The authors declare no conflict of interest.

Figures

Figure 1
Figure 1
Population-representative cohort with dense phenotypic annotation. (A) Starting from a population-based cohort (n = 189), we retrieved dense phenotypic annotation for a sub-cohort of patients (n = 74) representative of the underlying population in terms of outcome.

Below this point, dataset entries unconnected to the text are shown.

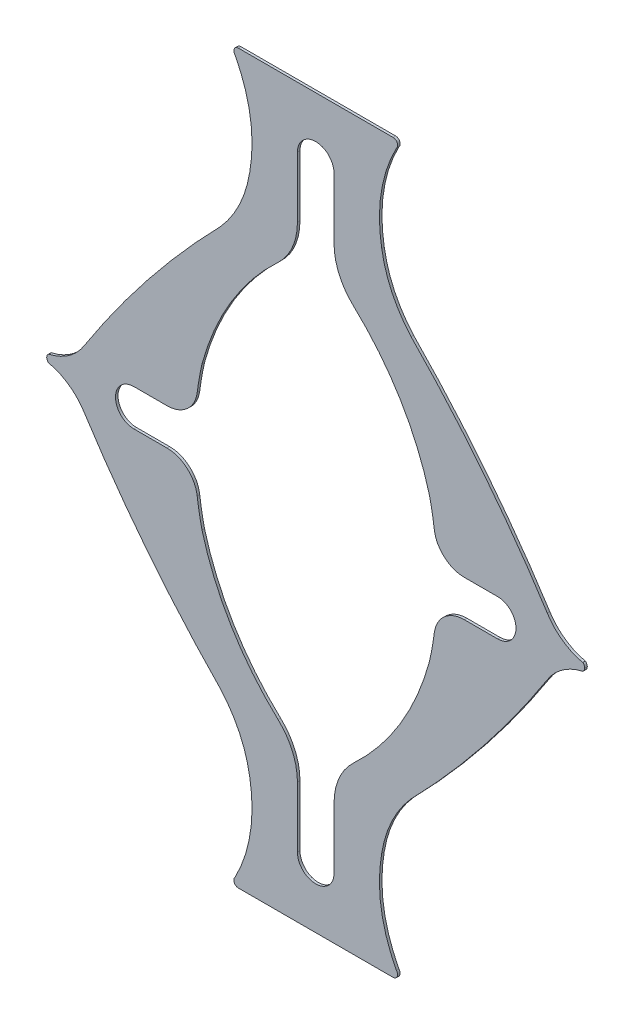
SolidWorks part; units mm, degrees
ref_plane "Front Plane" through (0, 0, 0) normal (0, 0, 1) x (1, 0, 0)
ref_plane "Top Plane" through (0, 0, 0) normal (0, 1, 0) x (1, 0, 0)
ref_plane "Right Plane" through (0, 0, 0) normal (1, 0, 0) x (0, 0, -1)
sketch "Model" plane through (0, 0, 0) normal (0, 0, 1) x (1, 0, 0)
  line L0 (-457.3561, 0) -> (457.3561, 0) construction
  line L1 (0, 914.4) -> (-194.4798, 914.4)
  line L2 (0, 914.4) -> (194.4798, 914.4)
  line L3 (0, -914.4) -> (-194.4798, -914.4)
  line L4 (0, -914.4) -> (194.4798, -914.4)
  line L5 (-46.0375, -762) -> (-46.0375, -609.3611)
  line L6 (46.0375, -762) -> (46.0375, -609.3611)
  line L7 (-457.3561, 46.0375) -> (-373.6086, 46.0375)
  line L8 (-457.3561, -46.0375) -> (-373.6086, -46.0375)
  line L9 (457.3561, 46.0375) -> (373.6086, 46.0375)
  line L10 (457.3561, -46.0375) -> (373.6086, -46.0375)
  line L11 (-46.0375, 762) -> (-46.0375, 609.3611)
  line L12 (46.0375, 762) -> (46.0375, 609.3611)
  line L13 (-165.892, 658.247) -> (-165.9389, 658.1298)
  line L14 (165.892, 658.247) -> (165.9389, 658.1298)
  line L15 (165.9389, -658.1298) -> (165.892, -658.247)
  line L16 (-165.9389, -658.1298) -> (-165.892, -658.247)
  arc A0 (-194.4798, 914.4) -> (-202.9832, 895.3321) centre (-194.4798, 902.97) ccw
  arc A1 (-165.892, 658.247) -> (-202.9832, 895.3321) centre (-527.5303, 723.1138) ccw
  arc A2 (-239.6834, 503.1053) -> (-165.9389, 658.1298) centre (-465.825, 705.7322) ccw
  arc A3 (-239.6834, 503.1053) -> (-582.0374, 72.7477) centre (1699.953, -1391.2476) ccw
  arc A4 (-671.3071, 9.5736) -> (-582.0374, 72.7477) centre (-702.2766, 147.9952) ccw
  arc A5 (-671.3071, 9.5736) -> (-676.2743, 0) centre (-664.8452, 0.1455) ccw
  arc A6 (-94.7889, 497.635) -> (-285.9807, 180.6809) centre (360.5192, 6.8439) ccw
  arc A7 (-285.9807, 180.6809) -> (-298.0062, 112.7126) centre (389.9953, 26.0335) ccw
  arc A8 (-373.6086, 46.0375) -> (-298.0062, 112.7126) centre (-373.6086, 122.2375) ccw
  arc A9 (202.9832, 895.3321) -> (194.4798, 914.4) centre (194.4798, 902.97) ccw
  arc A10 (202.9832, 895.3321) -> (165.892, 658.247) centre (527.5303, 723.1138) ccw
  arc A11 (165.9389, 658.1298) -> (239.6834, 503.1053) centre (465.825, 705.7322) ccw
  arc A12 (582.0374, 72.7477) -> (239.6834, 503.1053) centre (-1699.953, -1391.2476) ccw
  arc A13 (582.0374, 72.7477) -> (671.3071, 9.5736) centre (702.2766, 147.9952) ccw
  arc A14 (676.2743, 0) -> (671.3071, 9.5736) centre (664.8452, 0.1455) ccw
  arc A15 (285.9807, 180.6809) -> (94.7889, 497.635) centre (-360.5192, 6.8439) ccw
  arc A16 (298.0062, 112.7126) -> (285.9807, 180.6809) centre (-389.9953, 26.0335) ccw
  arc A17 (-202.9832, -895.3321) -> (-194.4798, -914.4) centre (-194.4798, -902.97) ccw
  arc A18 (-202.9832, -895.3321) -> (-165.892, -658.247) centre (-527.5303, -723.1138) ccw
  arc A19 (-165.9389, -658.1298) -> (-239.6834, -503.1053) centre (-465.825, -705.7322) ccw
  arc A20 (-582.0374, -72.7477) -> (-239.6834, -503.1053) centre (1699.953, 1391.2476) ccw
  arc A21 (-582.0374, -72.7477) -> (-671.3071, -9.5736) centre (-702.2766, -147.9952) ccw
  arc A22 (-676.2743, 0) -> (-671.3071, -9.5736) centre (-664.8452, -0.1455) ccw
  arc A23 (-285.9807, -180.6809) -> (-94.7889, -497.635) centre (360.5192, -6.8439) ccw
  arc A24 (-46.0375, -609.3611) -> (-94.7889, -497.635) centre (-198.4375, -609.3611) ccw
  arc A25 (-298.0062, -112.7126) -> (-285.9807, -180.6809) centre (389.9953, -26.0335) ccw
  arc A26 (-298.0062, -112.7126) -> (-373.6086, -46.0375) centre (-373.6086, -122.2375) ccw
  arc A27 (194.4798, -914.4) -> (202.9832, -895.3321) centre (194.4798, -902.97) ccw
  arc A28 (165.892, -658.247) -> (202.9832, -895.3321) centre (527.5303, -723.1138) ccw
  arc A29 (239.6834, -503.1053) -> (165.9389, -658.1298) centre (465.825, -705.7322) ccw
  arc A30 (239.6834, -503.1053) -> (582.0374, -72.7477) centre (-1699.953, 1391.2476) ccw
  arc A31 (671.3071, -9.5736) -> (582.0374, -72.7477) centre (702.2766, -147.9952) ccw
  arc A32 (671.3071, -9.5736) -> (676.2743, 0) centre (664.8452, -0.1455) ccw
  arc A33 (94.7889, -497.635) -> (285.9807, -180.6809) centre (-360.5192, -6.8439) ccw
  arc A34 (94.7889, -497.635) -> (46.0375, -609.3611) centre (198.4375, -609.3611) ccw
  arc A35 (285.9807, -180.6809) -> (298.0062, -112.7126) centre (-389.9953, -26.0335) ccw
  arc A36 (46.0375, 762) -> (-46.0375, 762) centre (0, 762) ccw
  arc A37 (-457.3561, 46.0375) -> (-457.3561, -46.0375) centre (-457.3561, 0) ccw
  arc A38 (457.3561, -46.0375) -> (457.3561, 46.0375) centre (457.3561, 0) ccw
  arc A39 (-46.0375, -762) -> (46.0375, -762) centre (0, -762) ccw
  arc A40 (298.0062, 112.7126) -> (373.6086, 46.0375) centre (373.6086, 122.2375) ccw
  arc A41 (373.6086, -46.0375) -> (298.0062, -112.7126) centre (373.6086, -122.2375) ccw
  arc A42 (-94.7889, 497.635) -> (-46.0375, 609.3611) centre (-198.4375, 609.3611) ccw
  arc A43 (46.0375, 609.3611) -> (94.7889, 497.635) centre (198.4375, 609.3611) ccw
  point P2 (0, 0)
extrude "Boss-Extrude1" add sketch "Model" along normal blind 6.35

The dataset was split into female (n = 41) and male (n = 33) patients for a further sex-specific analysis. (B) The latter was based on clinical and therapeutic data; magnetic resonance imaging data, including tumor segmentations; and digital pathology data, including immune scores. magnification: ×20. (C) The data were integrated using cluster and survival analyses in a sex-specific manner.
Figure 2
Figure 2
Cluster analysis (Euclidean distance, Ward-linked) based on numerical and ordinal variables. (AD) Female patients. (EH) Male patients. (A) Cluster analysis of the female dataset results in three clusters that significantly differ in the combination of features, three of which are depicted in (B), such as immune response (CD3+ TILs), age, and contrast enhancement (all p < 0.01, ANOVA). (C) Comparison of the CD45ro+ immune response of two representative female patients. (D) Comparison of the MR imaging features of two representative female patients. (E) Cluster analysis of male patients yields two main clusters. (F) Examples of cluster-defining features include immune response (CD3+ TILs), age, and contrast enhancement (all p < 0.01, ANOVA). (G) Comparison of the CD45ro+ immune response of two representative male patients. (H) Comparison of the MR imaging features of two representative male patients.
Figure 3
Figure 3
Selected Kaplan–Meier survival plots for variables with differential prognostic associations in female (upper row) and male patients (lower row). (A) In female patients, CD45ro+ TIL were associated with a worse survival (mOS 5.3 vs. 18.2 months, p = 0.027). (B) In contrast, there is no significant association in male patients (mOS 37.7 vs. 9.95 months, p = 0.25). (C) In female patients, FoxP3+ TILs are associated with worse survival (mOS 9.6 months vs. mOS not reached, p = 0.049), whereas in males (D) there is no association (mOS 49.6 vs. 11.8 months, p = 0.16). (E) While increased enhancing tumor volume does not affect survival in females (mOS 16.8 vs. 7.1 months, p = 0.23), male patients (F) with an increased contrast enhancement show a non-significant tendency towards worse outcomes (6.92 vs. 37.7 months, p = 0.09). (G) Cluster membership was associated with survival in female patients (mOS 3.9 vs. 18.2 vs. 82.9 months, p = 0.005, (H) but not in male patients (37.7 vs. 11.8 months, p = 0.17).
Figure 4
Figure 4
Spatially heterogeneous immune response in Primary CNS lymphoma (PCNSL). (A) Correlation of intratumoral TIL/TAM counts across multi-sector regions (n = 26). (B) CD3 TIL staining of a large PCNSL specimen. (C) Virtual tissue cores randomly sampled from four sectors annotated in (B) demonstrate significant heterogeneity between immune hot and cold spots. (D) Heatmap of the CD3+ cell density with immune hot and cold spots across the whole slide scan.